Dr. Hawkins says the oxygenated form may help reveal subtleties of buckyball's chemical bonds that will help chemists better understand how it reacts.

Huffman says he and Dr. Kr"atschmer believe they actually first made Carbon 60 as early as 1983. They spent years understanding what they were seeing and convincing themselves that oil from a vacuum pump, among other things, wasn't contaminating their results. Huffman also lost his knack for making it. But graduate student Lamb took it upon himself to rediscover it, and did, finding that a faulty pressure gauge may have been to blame.

Their caution also was reinforced, Huffman says, by the experience of Stanley Pons and Martin Fleischmann, who violated scientific protocol in 1989 by announcing their so-called cold-fusion discovery through the news media and then suffered the wrath of the scientific world, which was unable to replicate their experiments.

IN contrast, making buckyball has proved little problem because it is a relatively simple process of vaporizing graphite to helium in a vacuum chamber, then separating Carbon 60 from the resulting soot using a solvent. Some well-equipped high-school chemistry labs could do the experiment, but Huffman discourages them from doing so for the time being. Carbon 60 has not yet been screened for carcinogenicity or other health threats.

Under a licensing agreement through Research Corporation Technologies, a technology-transfer firm, Materials and Electrochemical Research Corporation (MER) of Tucson, Ariz., is manufacturing and selling research quantities of Carbon 60. A gram goes for $1,250.

James C. Withers, MER's chief executive officer, says researchers making inquiries or purchases, who haven't insisted on confidentiality, include Exxon, Allied Signal, Argonne National Laboratory, and the Office of Naval Research.

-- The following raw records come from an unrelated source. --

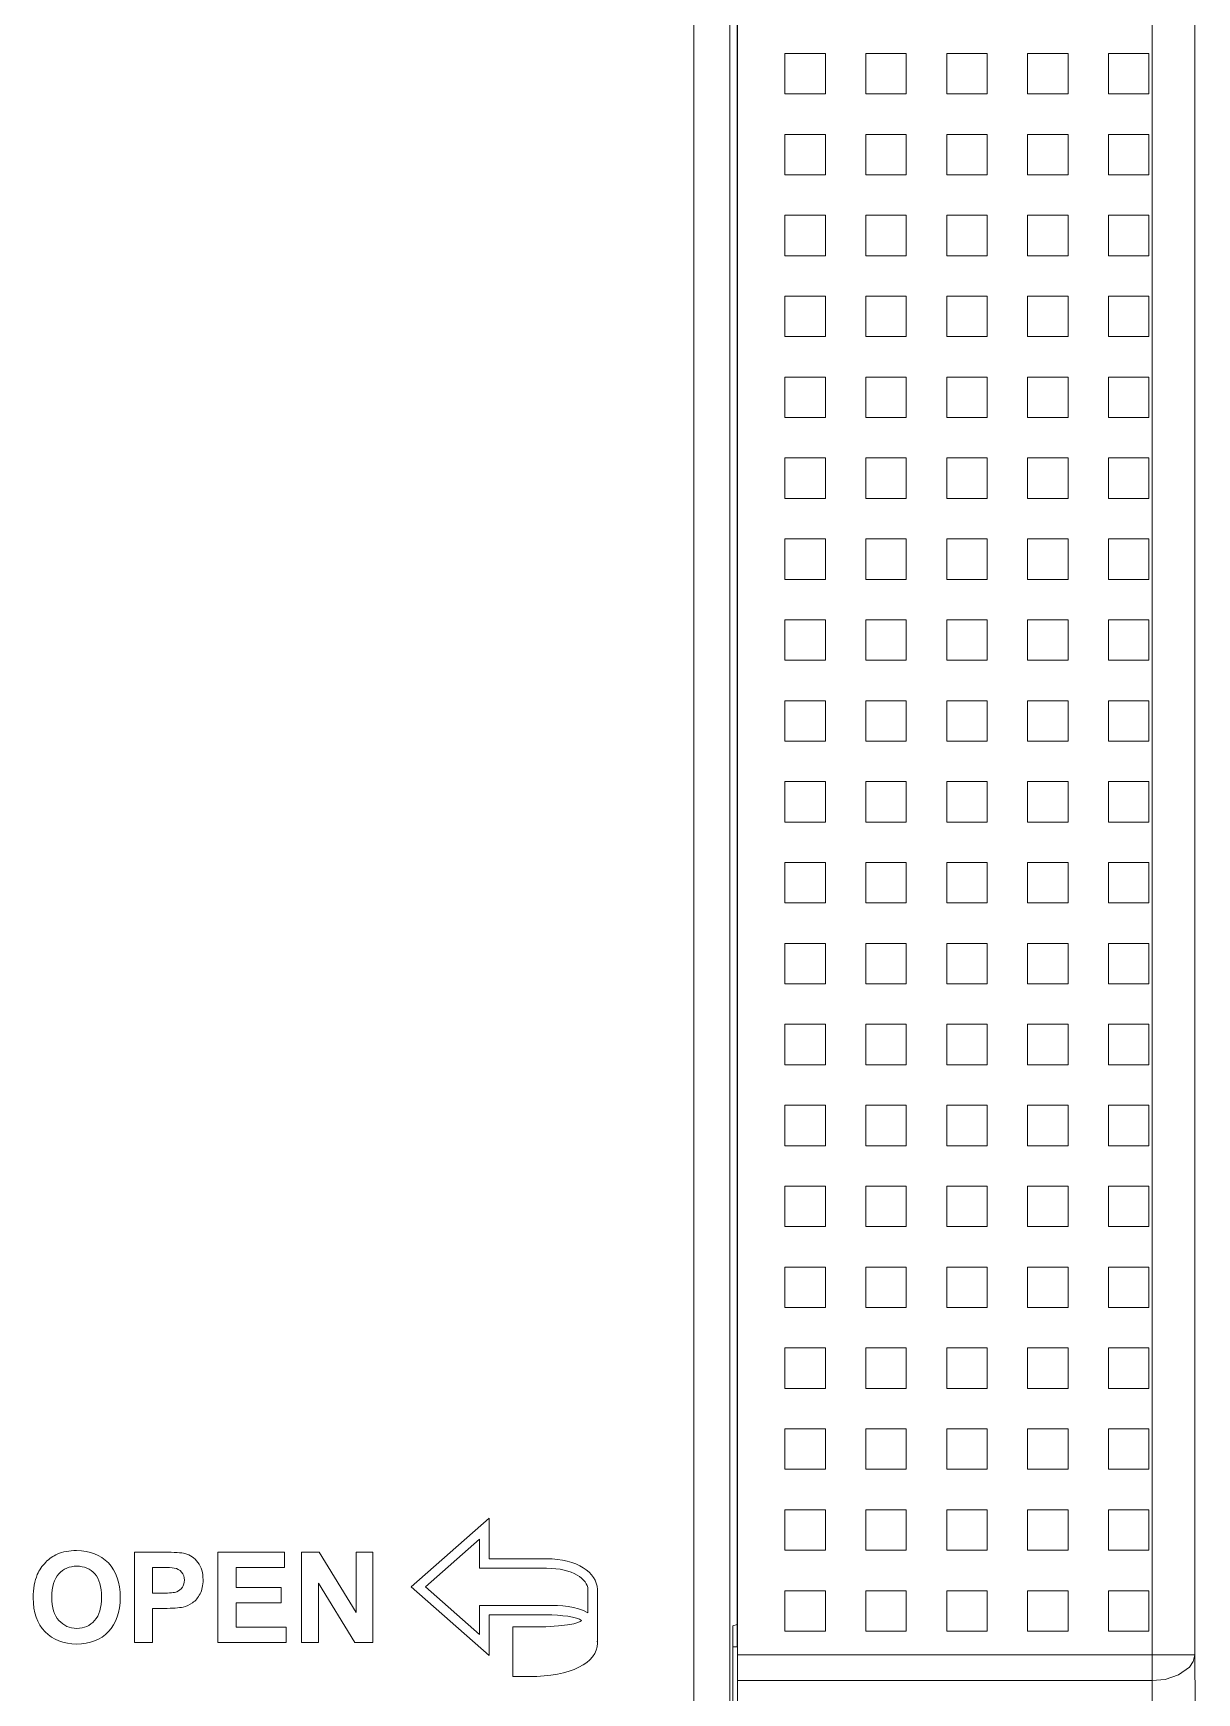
# Model space of a CAD drawing. Header units: millimetres. Extents: x 33157 to 59611, y -29750 to 1750.
# Drawn here: x 53831.92 to 53853.5, y 154.19 to 184.96 of the extents above; entities that cross this region are included whole.
import ezdxf

# ---------------------------------------------------------------- set-up
doc = ezdxf.new("R2010")
doc.units = ezdxf.units.MM
doc.layers.get('0').update_dxf_attribs({"lineweight": 18})

msp = doc.modelspace()

# ---------------------------------------------------------------- linework, layer by layer
at = {"lineweight": 9}
for p, q in [((53844.977, 279.827), (53844.977, 155.043)), ((53852.673, 275.622), (53852.673, 154.421)), ((53853.466, 274.82), (53853.466, 154.892)), ((53844.986, 214.05), (53844.986, 154.892)), ((53844.845, 213.626), (53844.845, 152.931)), ((53844.977, 213.626), (53844.977, 155.458)), ((53844.175, 213.079), (53844.175, 152.931)), ((53844.901, 155.43), (53844.901, 152.931)), ((53844.986, 154.892), (53844.986, 154.421))]:
    msp.add_line(p, q, dxfattribs=at)
for points in [[(53845.866, 183.834), (53846.616, 183.834), (53846.616, 184.584), (53845.866, 184.584)], [(53847.366, 183.834), (53848.116, 183.834), (53848.116, 184.584), (53847.366, 184.584)], [(53848.866, 183.834), (53849.616, 183.834), (53849.616, 184.584), (53848.866, 184.584)], [(53850.366, 183.834), (53851.116, 183.834), (53851.116, 184.584), (53850.366, 184.584)], [(53851.866, 183.834), (53852.616, 183.834), (53852.616, 184.584), (53851.866, 184.584)], [(53845.866, 182.334), (53846.616, 182.334), (53846.616, 183.084), (53845.866, 183.084)], [(53847.366, 182.334), (53848.116, 182.334), (53848.116, 183.084), (53847.366, 183.084)], [(53848.866, 182.334), (53849.616, 182.334), (53849.616, 183.084), (53848.866, 183.084)], [(53850.366, 182.334), (53851.116, 182.334), (53851.116, 183.084), (53850.366, 183.084)], [(53851.866, 182.334), (53852.616, 182.334), (53852.616, 183.084), (53851.866, 183.084)], [(53845.866, 180.834), (53846.616, 180.834), (53846.616, 181.584), (53845.866, 181.584)], [(53847.366, 180.834), (53848.116, 180.834), (53848.116, 181.584), (53847.366, 181.584)], [(53848.866, 180.834), (53849.616, 180.834), (53849.616, 181.584), (53848.866, 181.584)], [(53850.366, 180.834), (53851.116, 180.834), (53851.116, 181.584), (53850.366, 181.584)], [(53851.866, 180.834), (53852.616, 180.834), (53852.616, 181.584), (53851.866, 181.584)], [(53845.866, 179.334), (53846.616, 179.334), (53846.616, 180.084), (53845.866, 180.084)], [(53847.366, 179.334), (53848.116, 179.334), (53848.116, 180.084), (53847.366, 180.084)], [(53848.866, 179.334), (53849.616, 179.334), (53849.616, 180.084), (53848.866, 180.084)], [(53850.366, 179.334), (53851.116, 179.334), (53851.116, 180.084), (53850.366, 180.084)], [(53851.866, 179.334), (53852.616, 179.334), (53852.616, 180.084), (53851.866, 180.084)], [(53845.866, 177.834), (53846.616, 177.834), (53846.616, 178.584), (53845.866, 178.584)], [(53847.366, 177.834), (53848.116, 177.834), (53848.116, 178.584), (53847.366, 178.584)], [(53848.866, 177.834), (53849.616, 177.834), (53849.616, 178.584), (53848.866, 178.584)], [(53850.366, 177.834), (53851.116, 177.834), (53851.116, 178.584), (53850.366, 178.584)], [(53851.866, 177.834), (53852.616, 177.834), (53852.616, 178.584), (53851.866, 178.584)], [(53845.866, 176.334), (53846.616, 176.334), (53846.616, 177.084), (53845.866, 177.084)], [(53847.366, 176.334), (53848.116, 176.334), (53848.116, 177.084), (53847.366, 177.084)], [(53848.866, 176.334), (53849.616, 176.334), (53849.616, 177.084), (53848.866, 177.084)], [(53850.366, 176.334), (53851.116, 176.334), (53851.116, 177.084), (53850.366, 177.084)], [(53851.866, 176.334), (53852.616, 176.334), (53852.616, 177.084), (53851.866, 177.084)], [(53845.866, 174.834), (53846.616, 174.834), (53846.616, 175.584), (53845.866, 175.584)], [(53847.366, 174.834), (53848.116, 174.834), (53848.116, 175.584), (53847.366, 175.584)], [(53848.866, 174.834), (53849.616, 174.834), (53849.616, 175.584), (53848.866, 175.584)], [(53850.366, 174.834), (53851.116, 174.834), (53851.116, 175.584), (53850.366, 175.584)], [(53851.866, 174.834), (53852.616, 174.834), (53852.616, 175.584), (53851.866, 175.584)], [(53845.866, 173.334), (53846.616, 173.334), (53846.616, 174.084), (53845.866, 174.084)], [(53847.366, 173.334), (53848.116, 173.334), (53848.116, 174.084), (53847.366, 174.084)], [(53848.866, 173.334), (53849.616, 173.334), (53849.616, 174.084), (53848.866, 174.084)], [(53850.366, 173.334), (53851.116, 173.334), (53851.116, 174.084), (53850.366, 174.084)], [(53851.866, 173.334), (53852.616, 173.334), (53852.616, 174.084), (53851.866, 174.084)], [(53845.866, 171.834), (53846.616, 171.834), (53846.616, 172.584), (53845.866, 172.584)], [(53847.366, 171.834), (53848.116, 171.834), (53848.116, 172.584), (53847.366, 172.584)], [(53848.866, 171.834), (53849.616, 171.834), (53849.616, 172.584), (53848.866, 172.584)], [(53850.366, 171.834), (53851.116, 171.834), (53851.116, 172.584), (53850.366, 172.584)], [(53851.866, 171.834), (53852.616, 171.834), (53852.616, 172.584), (53851.866, 172.584)], [(53845.866, 170.334), (53846.616, 170.334), (53846.616, 171.084), (53845.866, 171.084)], [(53847.366, 170.334), (53848.116, 170.334), (53848.116, 171.084), (53847.366, 171.084)], [(53848.866, 170.334), (53849.616, 170.334), (53849.616, 171.084), (53848.866, 171.084)], [(53850.366, 170.334), (53851.116, 170.334), (53851.116, 171.084), (53850.366, 171.084)], [(53851.866, 170.334), (53852.616, 170.334), (53852.616, 171.084), (53851.866, 171.084)], [(53845.866, 168.834), (53846.616, 168.834), (53846.616, 169.584), (53845.866, 169.584)], [(53847.366, 168.834), (53848.116, 168.834), (53848.116, 169.584), (53847.366, 169.584)], [(53848.866, 168.834), (53849.616, 168.834), (53849.616, 169.584), (53848.866, 169.584)], [(53850.366, 168.834), (53851.116, 168.834), (53851.116, 169.584), (53850.366, 169.584)], [(53851.866, 168.834), (53852.616, 168.834), (53852.616, 169.584), (53851.866, 169.584)], [(53845.866, 167.334), (53846.616, 167.334), (53846.616, 168.084), (53845.866, 168.084)], [(53847.366, 167.334), (53848.116, 167.334), (53848.116, 168.084), (53847.366, 168.084)], [(53848.866, 167.334), (53849.616, 167.334), (53849.616, 168.084), (53848.866, 168.084)], [(53850.366, 167.334), (53851.116, 167.334), (53851.116, 168.084), (53850.366, 168.084)], [(53851.866, 167.334), (53852.616, 167.334), (53852.616, 168.084), (53851.866, 168.084)], [(53845.866, 165.834), (53846.616, 165.834), (53846.616, 166.584), (53845.866, 166.584)], [(53847.366, 165.834), (53848.116, 165.834), (53848.116, 166.584), (53847.366, 166.584)], [(53848.866, 165.834), (53849.616, 165.834), (53849.616, 166.584), (53848.866, 166.584)], [(53850.366, 165.834), (53851.116, 165.834), (53851.116, 166.584), (53850.366, 166.584)], [(53851.866, 165.834), (53852.616, 165.834), (53852.616, 166.584), (53851.866, 166.584)], [(53845.866, 164.334), (53846.616, 164.334), (53846.616, 165.084), (53845.866, 165.084)], [(53847.366, 164.334), (53848.116, 164.334), (53848.116, 165.084), (53847.366, 165.084)], [(53848.866, 164.334), (53849.616, 164.334), (53849.616, 165.084), (53848.866, 165.084)], [(53850.366, 164.334), (53851.116, 164.334), (53851.116, 165.084), (53850.366, 165.084)], [(53851.866, 164.334), (53852.616, 164.334), (53852.616, 165.084), (53851.866, 165.084)], [(53845.866, 162.834), (53846.616, 162.834), (53846.616, 163.584), (53845.866, 163.584)], [(53847.366, 162.834), (53848.116, 162.834), (53848.116, 163.584), (53847.366, 163.584)], [(53848.866, 162.834), (53849.616, 162.834), (53849.616, 163.584), (53848.866, 163.584)], [(53850.366, 162.834), (53851.116, 162.834), (53851.116, 163.584), (53850.366, 163.584)], [(53851.866, 162.834), (53852.616, 162.834), (53852.616, 163.584), (53851.866, 163.584)], [(53845.866, 161.334), (53846.616, 161.334), (53846.616, 162.084), (53845.866, 162.084)], [(53847.366, 161.334), (53848.116, 161.334), (53848.116, 162.084), (53847.366, 162.084)], [(53848.866, 161.334), (53849.616, 161.334), (53849.616, 162.084), (53848.866, 162.084)], [(53850.366, 161.334), (53851.116, 161.334), (53851.116, 162.084), (53850.366, 162.084)], [(53851.866, 161.334), (53852.616, 161.334), (53852.616, 162.084), (53851.866, 162.084)], [(53845.866, 159.834), (53846.616, 159.834), (53846.616, 160.584), (53845.866, 160.584)], [(53847.366, 159.834), (53848.116, 159.834), (53848.116, 160.584), (53847.366, 160.584)], [(53848.866, 159.834), (53849.616, 159.834), (53849.616, 160.584), (53848.866, 160.584)], [(53850.366, 159.834), (53851.116, 159.834), (53851.116, 160.584), (53850.366, 160.584)], [(53851.866, 159.834), (53852.616, 159.834), (53852.616, 160.584), (53851.866, 160.584)], [(53845.866, 158.334), (53846.616, 158.334), (53846.616, 159.084), (53845.866, 159.084)], [(53847.366, 158.334), (53848.116, 158.334), (53848.116, 159.084), (53847.366, 159.084)], [(53848.866, 158.334), (53849.616, 158.334), (53849.616, 159.084), (53848.866, 159.084)], [(53850.366, 158.334), (53851.116, 158.334), (53851.116, 159.084), (53850.366, 159.084)], [(53851.866, 158.334), (53852.616, 158.334), (53852.616, 159.084), (53851.866, 159.084)], [(53845.866, 156.834), (53846.616, 156.834), (53846.616, 157.584), (53845.866, 157.584)], [(53847.366, 156.834), (53848.116, 156.834), (53848.116, 157.584), (53847.366, 157.584)], [(53848.866, 156.834), (53849.616, 156.834), (53849.616, 157.584), (53848.866, 157.584)], [(53850.366, 156.834), (53851.116, 156.834), (53851.116, 157.584), (53850.366, 157.584)], [(53851.866, 156.834), (53852.616, 156.834), (53852.616, 157.584), (53851.866, 157.584)], [(53845.866, 155.334), (53846.616, 155.334), (53846.616, 156.084), (53845.866, 156.084)], [(53847.366, 155.334), (53848.116, 155.334), (53848.116, 156.084), (53847.366, 156.084)], [(53848.866, 155.334), (53849.616, 155.334), (53849.616, 156.084), (53848.866, 156.084)], [(53850.366, 155.334), (53851.116, 155.334), (53851.116, 156.084), (53850.366, 156.084)], [(53851.866, 155.334), (53852.616, 155.334), (53852.616, 156.084), (53851.866, 156.084)]]:
    msp.add_lwpolyline(points, close=True)
for points, knots in [([(53842.388, 155.124), (53842.388, 155.124), (53842.388, 156.108), (53842.388, 156.108), (53842.377, 156.422), (53842.007, 156.676), (53841.445, 156.676), (53841.445, 156.676), (53840.379, 156.676), (53840.379, 156.676), (53840.379, 156.676), (53840.379, 157.43), (53840.379, 157.43), (53840.379, 157.43), (53838.931, 156.156), (53838.931, 156.156), (53838.931, 156.156), (53840.379, 154.882), (53840.379, 154.882), (53840.379, 154.882), (53840.379, 155.635), (53840.379, 155.635), (53840.379, 155.635), (53841.445, 155.635), (53841.445, 155.635), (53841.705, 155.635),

Some researchers are producing their own Carbon 60, and MER actually encourages that, Mr. Withers says, because it will assist development of Carbon 60 for profitmaking purposes. By that stage, Withers said, the price will have dropped substantially as larger-scale production methods are developed from the Arizona/Germany laboratory apparatus.

Smalley, who says he and his colleagues have used a Sears arc welder to improve on the Arizona/Germany method, predicts that Carbon 60 will eventually cost only a few dollars a pound.

Meanwhile, Carbon 60 may only be the beginning. The Arizona/Germany recipe also produced Carbon 70 in small quantities. It has a slightly squashed sphere geometry - like a rugby ball. And researchers are already on the trail of ``fullerines'' with 72, 74, 76, 80, 82, and 84 carbons, Exxon's Kaldor says. Huffman also believes that Carbon 240 exists.

But the legacy of buckyball will be as much one of how big discoveries do not necessarily require big dollars, Huffman says. His Carbon 60 work resulted from institutional support, a year's leave sponsored by the Alexander von Humboldt Society that put him and Kr"atschmer in closer contact, and what he called the ``bootleg'' method of finding supplies.

``One thing I've been kind of proud of is it hasn't taken big government grants to do this,'' he says.